PROMPT
Take the line that contains "chamfer(f21_edges, length=F21_SIZE)" as the first line and the final line of the records as the last; return exactly those lines and the lines between.

Records excerpted from a collection
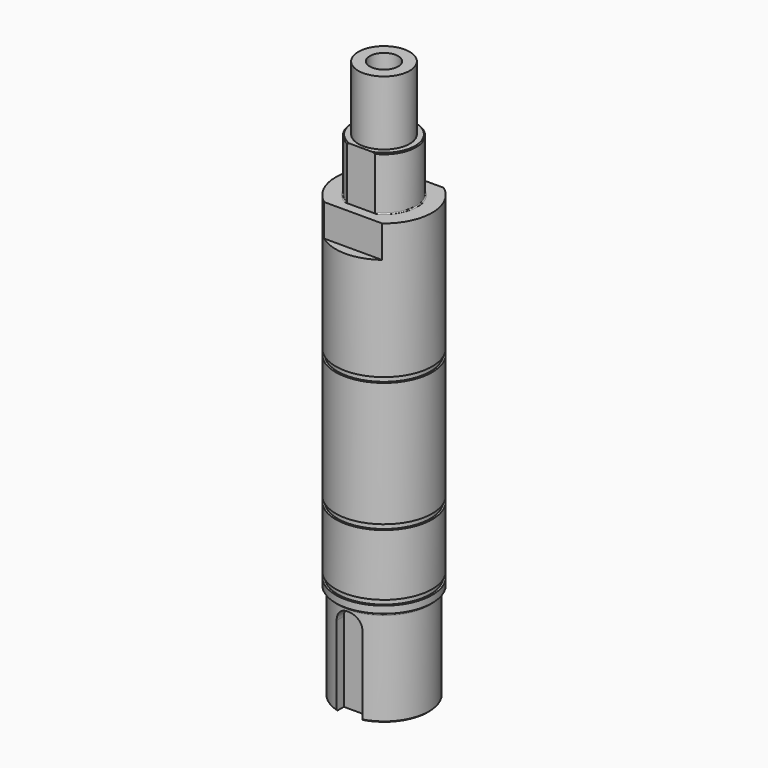
from build123d import *

# Parameters (mm, degrees)
F2_SIZE   = 0.29999
F4_DEPTH  = 28.8
F5_R      = 3.9999
F6_W      = 16.3141209632
F6_H      = 1.5053940788
F7_DEPTH  = 16.6
F8_W      = 11.3712083548
F8_H      = 5.6990628242
F9_DEPTH  = 10
F11_D     = 8.8
F11_DEPTH = 15
F11_TIP   = 2.6437867237


# Not quite as in the source:
# - a fillet or chamfer is up to 0.001 mm smaller than in the source, because OpenCascade refuses the exact size


with BuildPart() as f1:
    # F0 (on Front) → F1 (revolve)
    with BuildSketch(Plane.XZ):
        with BuildLine():
            Line((-14, 0), (0, 0))
            Line((0, 0), (0, 173.8))
            Line((0, 173.8), (-8, 173.8))
            Line((-8, 173.8), (-8, 153.8))
            Line((-8, 153.8), (-10, 153.8))
            Line((-10, 153.8), (-10, 137.5))
            ThreePointArc((-10, 137.5), (-10.0878679656, 137.2878679656), (-10.3, 137.2))
            Line((-10.3, 137.2), (-15, 137.2))
            Line((-15, 137.2), (-15, 137))
            Line((-15, 137), (-15, 136.8790119886))
            Line((-15, 136.8790119886), (-15, 95.1))
            Line((-15, 95.1), (-14.4, 95.1))
            Line((-14.4, 95.1), (-14.4, 93.5))
            Line((-14.4, 93.5), (-15, 93.5))
            Line((-15, 93.5), (-15, 54.8))
            Line((-15, 54.8), (-14.4, 54.8))
            Line((-14.4, 54.8), (-14.4, 53.2))
            Line((-14.4, 53.2), (-15, 53.2))
            Line((-15, 53.2), (-15, 34.1))
            Line((-15, 34.1), (-14.4, 34.1))
            Line((-14.4, 34.1), (-14.4, 32.5))
            Line((-14.4, 32.5), (-15, 32.5))
            Line((-15, 32.5), (-15, 30))
            Line((-15, 30), (-14.7, 30))
            ThreePointArc((-14.7, 30), (-14.2050252532, 29.7949747468), (-14, 29.3))
            Line((-14, 29.3), (-14, 0))
        make_face()
    revolve(axis=Axis((0, 0, 86.9), (0, 0, -1)))

    # F2 (size 0.3 in the source; OpenCascade refuses exactly that, so slightly less here)
    f2_edges = [f1.edges().sort_by_distance(p)[0] for p in [
        (15, 0, 30),
        (10, 0, 153.8),
        (14, 0, 0),
    ]]
    chamfer(f2_edges, length=F2_SIZE)

    # F3 (on face) → F4 (cut)
    with BuildSketch(Plane(origin=(0, 0, 0), x_dir=(1, 0, 0), z_dir=(0, 0, -1))):
        Polygon((4, 14), (0, 14), (-4, 14), (-4, 10.6), (0, 10.6), (4, 10.6), align=None)
    extrude(amount=-F4_DEPTH, mode=Mode.SUBTRACT)

    # F5 (radius 4 in the source; OpenCascade refuses exactly that, so slightly less here)
    f5_edges = [f1.edges().sort_by_distance(p)[0] for p in [
        (4, -12.008204, 28.8),
        (-4, -12.008204, 28.8),
    ]]
    fillet(f5_edges, radius=F5_R)

    # F6 (on face) → F7 (cut, through all)
    with BuildSketch(Plane.XY.offset(153.8)):
        with Locations((-8.1570604816, -9.7526970394)):
            Rectangle(F6_W, F6_H)
        with Locations((8.1570604816, -9.7526970394)):
            Rectangle(F6_W, F6_H)
        Polygon((-16.3141209632, 9), (0, 9), (16.3141209632, 9), (16.3141209632, 10.5053940788), (0, 10.5053940788), (-16.3141209632, 10.5053940788), align=None)
    extrude(amount=-F7_DEPTH, mode=Mode.SUBTRACT)

    # F8 (on face) → F9 (cut)
    with BuildSketch(Plane.XY.offset(137.2)):
        with Locations((5.6856041774, 14.8495314121)):
            Rectangle(F8_W, F8_H)
        with Locations((-5.6856041774, 14.8495314121)):
            Rectangle(F8_W, F8_H)
        Polygon((0, -17.6990628242), (11.3712083548, -17.6990628242), (11.3712083548, -12), (0, -12), (-11.3712083548, -12), (-11.3712083548, -17.6990628242), align=None)
    extrude(amount=-F9_DEPTH, mode=Mode.SUBTRACT)

    # F11
    with Locations(Plane.XY.offset(173.8)):
        with Locations((0, 0)):
            Hole(F11_D / 2, depth=F11_DEPTH)
            with Locations((0, 0, -(F11_DEPTH + F11_TIP / 2))):  # 118° drill point
                Cone(0, F11_D / 2, F11_TIP, mode=Mode.SUBTRACT)


solid = f1.part
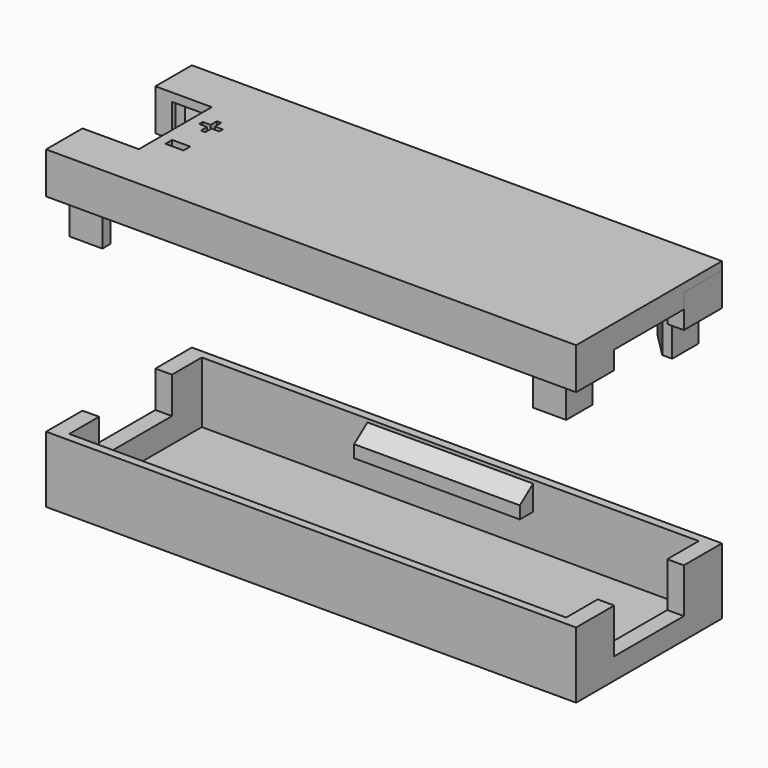
from build123d import *

# Parameters (mm, degrees)
F0_W            = 60
F0_H            = 20
F1_DEPTH        = 0.6
F0_W_2          = 64
F0_H_2          = 22
F2_DEPTH        = 8
F6_DEPTH        = 10
F7_W            = 10.5
F7_H            = 5.4
F8_DEPTH        = 2
F9_W            = 11
F9_H            = 4.4
F10_DEPTH       = 2
F12_W           = 2
F12_H           = 11
F12_W_2         = 2.0000000003
F12_H_2         = 10.5
F13_DEPTH       = 4
F14_W           = 64
F14_H           = 22
F15_DEPTH       = 1
F16_DEPTH       = 2.2
F17_W           = 6.8
F17_H           = 11
F18_DEPTH       = 5.001
F19_W           = 4
F19_H           = 4
F20_DEPTH       = 8
F21_SIZE        = 2.8
F22_TEXT_SIZE   = 5.0180156429
F22_TEXT_SIZE_2 = 8.3333333333
F23_DEPTH       = 1


# Not quite as in the source:
# - Text() gives the source's letters only with a copy of the font that has no kerning and outlines rounded to 1/6400 em; it was checked with that copy


with BuildPart() as f1:
    # F0 (on Top) → F1 (new body)
    with BuildSketch(Plane.XY):
        with Locations((-30, 10)):
            Rectangle(F0_W, F0_H)
    extrude(amount=F1_DEPTH)

    # F0 (on Top) → F2 (join)
    with BuildSketch(Plane.XY):
        with Locations((-30, 10)):
            Rectangle(F0_W_2, F0_H_2)
        with Locations((-30, 10)):
            Rectangle(F0_W, F0_H, mode=Mode.SUBTRACT)
    extrude(amount=F2_DEPTH)

    # F5 (on plane+point) → F6 (join, symmetric)
    with BuildSketch(Plane.YZ.offset(-30)):
        Polygon((2, 6.1), (0, 7.6), (0, 4.6), (2, 4.6), align=None)
        Polygon((20, 4.6), (20, 7.6), (18, 6.1), (18, 4.6), align=None)
    extrude(amount=F6_DEPTH, both=True)

    # F7 (on face) → F8 (cut, through all)
    with BuildSketch(Plane.YZ.offset(2)):
        with Locations((10, 5.3)):
            Rectangle(F7_W, F7_H)
    extrude(amount=-F8_DEPTH, mode=Mode.SUBTRACT)

    # F9 (on face) → F10 (cut, through all)
    with BuildSketch(Plane(origin=(-62, 0, 0), x_dir=(0, -1, 0), z_dir=(-1, 0, 0))):
        with Locations((-10, 5.8)):
            Rectangle(F9_W, F9_H)
    extrude(amount=-F10_DEPTH, mode=Mode.SUBTRACT)


with BuildPart() as f13:
    # F12 (on offset) → F13 (new body)
    with BuildSketch(Plane.XY.offset(33)):
        Polygon((-62, 21), (-62, 15.5), (-60, 15.5), (-60, 20), (0, 20), (0, 15.25), (1.9999999999, 15.25), (2, 21), align=None)
        with Locations((-61, 10)):
            Rectangle(F12_W, F12_H)
        Polygon((-60, 4.5), (-62, 4.5), (-62, -1), (2, -1), (2, 4.75), (-3e-10, 4.75), (0, 0), (-60, 0), align=None)
        with Locations((0.9999999998, 10)):
            Rectangle(F12_W_2, F12_H_2)
    extrude(amount=F13_DEPTH)

    # F14 (on face) → F15 (join)
    with BuildSketch(Plane.XY.offset(37)):
        with Locations((-30, 10)):
            Rectangle(F14_W, F14_H)
    extrude(amount=F15_DEPTH)

    # F12 (on offset) → F16 (cut)
    with BuildSketch(Plane.XY.offset(33)):
        with Locations((0.9999999998, 10)):
            Rectangle(F12_W_2, F12_H_2)
    extrude(amount=F16_DEPTH, mode=Mode.SUBTRACT)

    # F17 (on face) → F18 (cut, through all)
    with BuildSketch(Plane.XY.offset(38)):
        with Locations((-58.6, 10)):
            Rectangle(F17_W, F17_H)
    extrude(amount=-F18_DEPTH, mode=Mode.SUBTRACT)

    # F19 (on face) → F20 (join)
    with BuildSketch(Plane(origin=(0, 0, 37), x_dir=(1, 0, 0), z_dir=(0, 0, -1))):
        with Locations((-2, -18)):
            Rectangle(F19_W, F19_H)
        with Locations((-2, -2)):
            Rectangle(F19_W, F19_H)
        with Locations((-58, -2)):
            Rectangle(F19_W, F19_H)
        with Locations((-58, -18)):
            Rectangle(F19_W, F19_H)
    extrude(amount=F20_DEPTH)

    # F21
    f21_edges = [f13.edges().sort_by_distance(p)[0] for p in [
        (-56, 4, 33),
        (-56, 16, 33),
        (-4, 4, 33),
        (-4, 16, 33),
    ]]
    chamfer(f21_edges, length=F21_SIZE)

    # F22 (on face) → F23 (cut, through all)
    with BuildSketch(Plane.XY.offset(38)):
        with Locations((-54.1834567551, 10.5649182668)):
            Text('+', F22_TEXT_SIZE, font='Open Sans', font_style=FontStyle.BOLD, text_align=(TextAlign.LEFT, TextAlign.BOTTOM))
        with Locations((-54.1834567551, 5.2004032672)):
            Text('-', F22_TEXT_SIZE_2, font='Open Sans', font_style=FontStyle.BOLD, text_align=(TextAlign.LEFT, TextAlign.BOTTOM))
    extrude(amount=-F23_DEPTH, mode=Mode.SUBTRACT)


solid = Compound([f1.part, f13.part])

RESULT FOR THIS TASK
    chamfer(f21_edges, length=F21_SIZE)

    # F22 (on face) → F23 (cut, through all)
    with BuildSketch(Plane.XY.offset(38)):
        with Locations((-54.1834567551, 10.5649182668)):
            Text('+', F22_TEXT_SIZE, font='Open Sans', font_style=FontStyle.BOLD, text_align=(TextAlign.LEFT, TextAlign.BOTTOM))
        with Locations((-54.1834567551, 5.2004032672)):
            Text('-', F22_TEXT_SIZE_2, font='Open Sans', font_style=FontStyle.BOLD, text_align=(TextAlign.LEFT, TextAlign.BOTTOM))
    extrude(amount=-F23_DEPTH, mode=Mode.SUBTRACT)


solid = Compound([f1.part, f13.part])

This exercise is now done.